On the other hand, Santa Cruz offers some beautiful weather-and let me tell you I will miss desperately the morning fog, the smell of the ocean, the redwoods on my campus, the deer everywhere on my campus. I will miss the beauty here. Unfortunately, like everything beautiful in California, the people ruin it. Like Rufus says, "Life is the longest death in California".

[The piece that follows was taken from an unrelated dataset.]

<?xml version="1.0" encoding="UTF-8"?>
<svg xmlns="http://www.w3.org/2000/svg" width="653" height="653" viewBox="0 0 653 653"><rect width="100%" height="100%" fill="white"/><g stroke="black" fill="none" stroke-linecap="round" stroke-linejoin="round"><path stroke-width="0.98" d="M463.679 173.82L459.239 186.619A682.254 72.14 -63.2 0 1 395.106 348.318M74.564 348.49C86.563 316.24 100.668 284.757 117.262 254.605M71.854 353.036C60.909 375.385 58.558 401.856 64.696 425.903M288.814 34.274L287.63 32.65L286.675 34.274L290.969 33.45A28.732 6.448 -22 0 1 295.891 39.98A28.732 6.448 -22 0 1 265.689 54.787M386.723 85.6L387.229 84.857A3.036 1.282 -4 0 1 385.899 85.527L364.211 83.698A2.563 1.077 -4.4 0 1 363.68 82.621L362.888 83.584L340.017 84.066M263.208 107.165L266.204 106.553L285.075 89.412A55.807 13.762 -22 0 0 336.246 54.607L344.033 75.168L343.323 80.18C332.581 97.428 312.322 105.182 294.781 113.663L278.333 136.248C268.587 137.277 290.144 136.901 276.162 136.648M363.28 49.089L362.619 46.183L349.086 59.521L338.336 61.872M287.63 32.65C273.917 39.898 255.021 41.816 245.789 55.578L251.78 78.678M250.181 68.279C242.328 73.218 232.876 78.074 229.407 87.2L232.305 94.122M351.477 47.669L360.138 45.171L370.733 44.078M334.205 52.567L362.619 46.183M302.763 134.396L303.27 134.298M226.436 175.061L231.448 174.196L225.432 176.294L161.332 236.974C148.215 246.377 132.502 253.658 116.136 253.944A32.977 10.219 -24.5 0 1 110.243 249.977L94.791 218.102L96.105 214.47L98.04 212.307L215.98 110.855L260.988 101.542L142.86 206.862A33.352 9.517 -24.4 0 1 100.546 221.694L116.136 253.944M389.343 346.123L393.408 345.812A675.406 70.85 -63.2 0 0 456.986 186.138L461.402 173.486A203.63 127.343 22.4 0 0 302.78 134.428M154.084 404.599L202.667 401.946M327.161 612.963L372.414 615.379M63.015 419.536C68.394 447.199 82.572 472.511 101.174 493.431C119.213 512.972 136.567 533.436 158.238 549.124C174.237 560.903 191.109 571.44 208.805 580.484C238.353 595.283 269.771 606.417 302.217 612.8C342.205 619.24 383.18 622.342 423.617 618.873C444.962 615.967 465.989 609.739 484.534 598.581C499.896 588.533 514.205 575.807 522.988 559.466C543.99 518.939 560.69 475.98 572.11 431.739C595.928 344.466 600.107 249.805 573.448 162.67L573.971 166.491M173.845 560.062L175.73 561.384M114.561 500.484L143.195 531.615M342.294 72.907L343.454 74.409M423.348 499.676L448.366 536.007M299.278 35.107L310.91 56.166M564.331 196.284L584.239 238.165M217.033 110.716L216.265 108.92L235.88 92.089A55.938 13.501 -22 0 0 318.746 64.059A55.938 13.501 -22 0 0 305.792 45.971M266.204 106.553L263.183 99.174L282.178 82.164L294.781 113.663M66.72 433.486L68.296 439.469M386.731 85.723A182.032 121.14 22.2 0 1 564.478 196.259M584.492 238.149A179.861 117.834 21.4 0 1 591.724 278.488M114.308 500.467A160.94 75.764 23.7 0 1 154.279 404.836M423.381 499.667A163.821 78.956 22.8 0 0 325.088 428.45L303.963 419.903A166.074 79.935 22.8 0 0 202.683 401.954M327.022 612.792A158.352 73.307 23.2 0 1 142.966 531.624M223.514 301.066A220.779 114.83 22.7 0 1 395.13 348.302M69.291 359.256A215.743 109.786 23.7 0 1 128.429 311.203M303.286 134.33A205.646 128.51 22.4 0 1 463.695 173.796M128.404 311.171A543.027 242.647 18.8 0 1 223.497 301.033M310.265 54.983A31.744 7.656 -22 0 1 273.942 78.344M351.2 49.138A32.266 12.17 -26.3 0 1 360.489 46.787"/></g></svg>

I will also miss terribly going to school. I will miss having the context of a novel fed to me with an almost silver spoon (I mean, after all UCSC is a PUBLIC school). I will miss arguing about the context of a novel. I will miss learning about "intellectual history" which will always turn me on. I will miss reading Jameson, not understanding a word of it, and showing up to class to have it all explained to me. I will miss the gorgeous way a lot of my professors think and write. There is something magical and exciting to learn about the world in the thirteenth century from someone that has been extensively published on the subject, from an entirely new perspective-and this perspective is refreshingly holistic and just terribly exciting to hear someone lecture about. I will miss that luxury.
I am totally able to live the lifestyle of a "graduate" right now, thanks to friends who take very good care of me. I get to hang out for a month with a friend in Marin (I will be working, but won't have to do that whole tedious paying of bills and such) then I get to go to Japan-I know I already said this, but I'm sofa king excited about this. I will get to Okinawa a day before she arrives (she's coming from a small town in Japan that isn't on Okinawa) so anyway, I will be able to spend an entire day by myself wandering through a foreign city (I can't remember what city I'll be in) where I don't know a lick of the language, and then stay at a hotel- and I can't think of a better way to spend a day.
That's all. I hope this was sufficiently sentimental, as that is what I originally was going for. If not, then I guess you can join the damaged multitudes here in SC. They'll be really nice to you!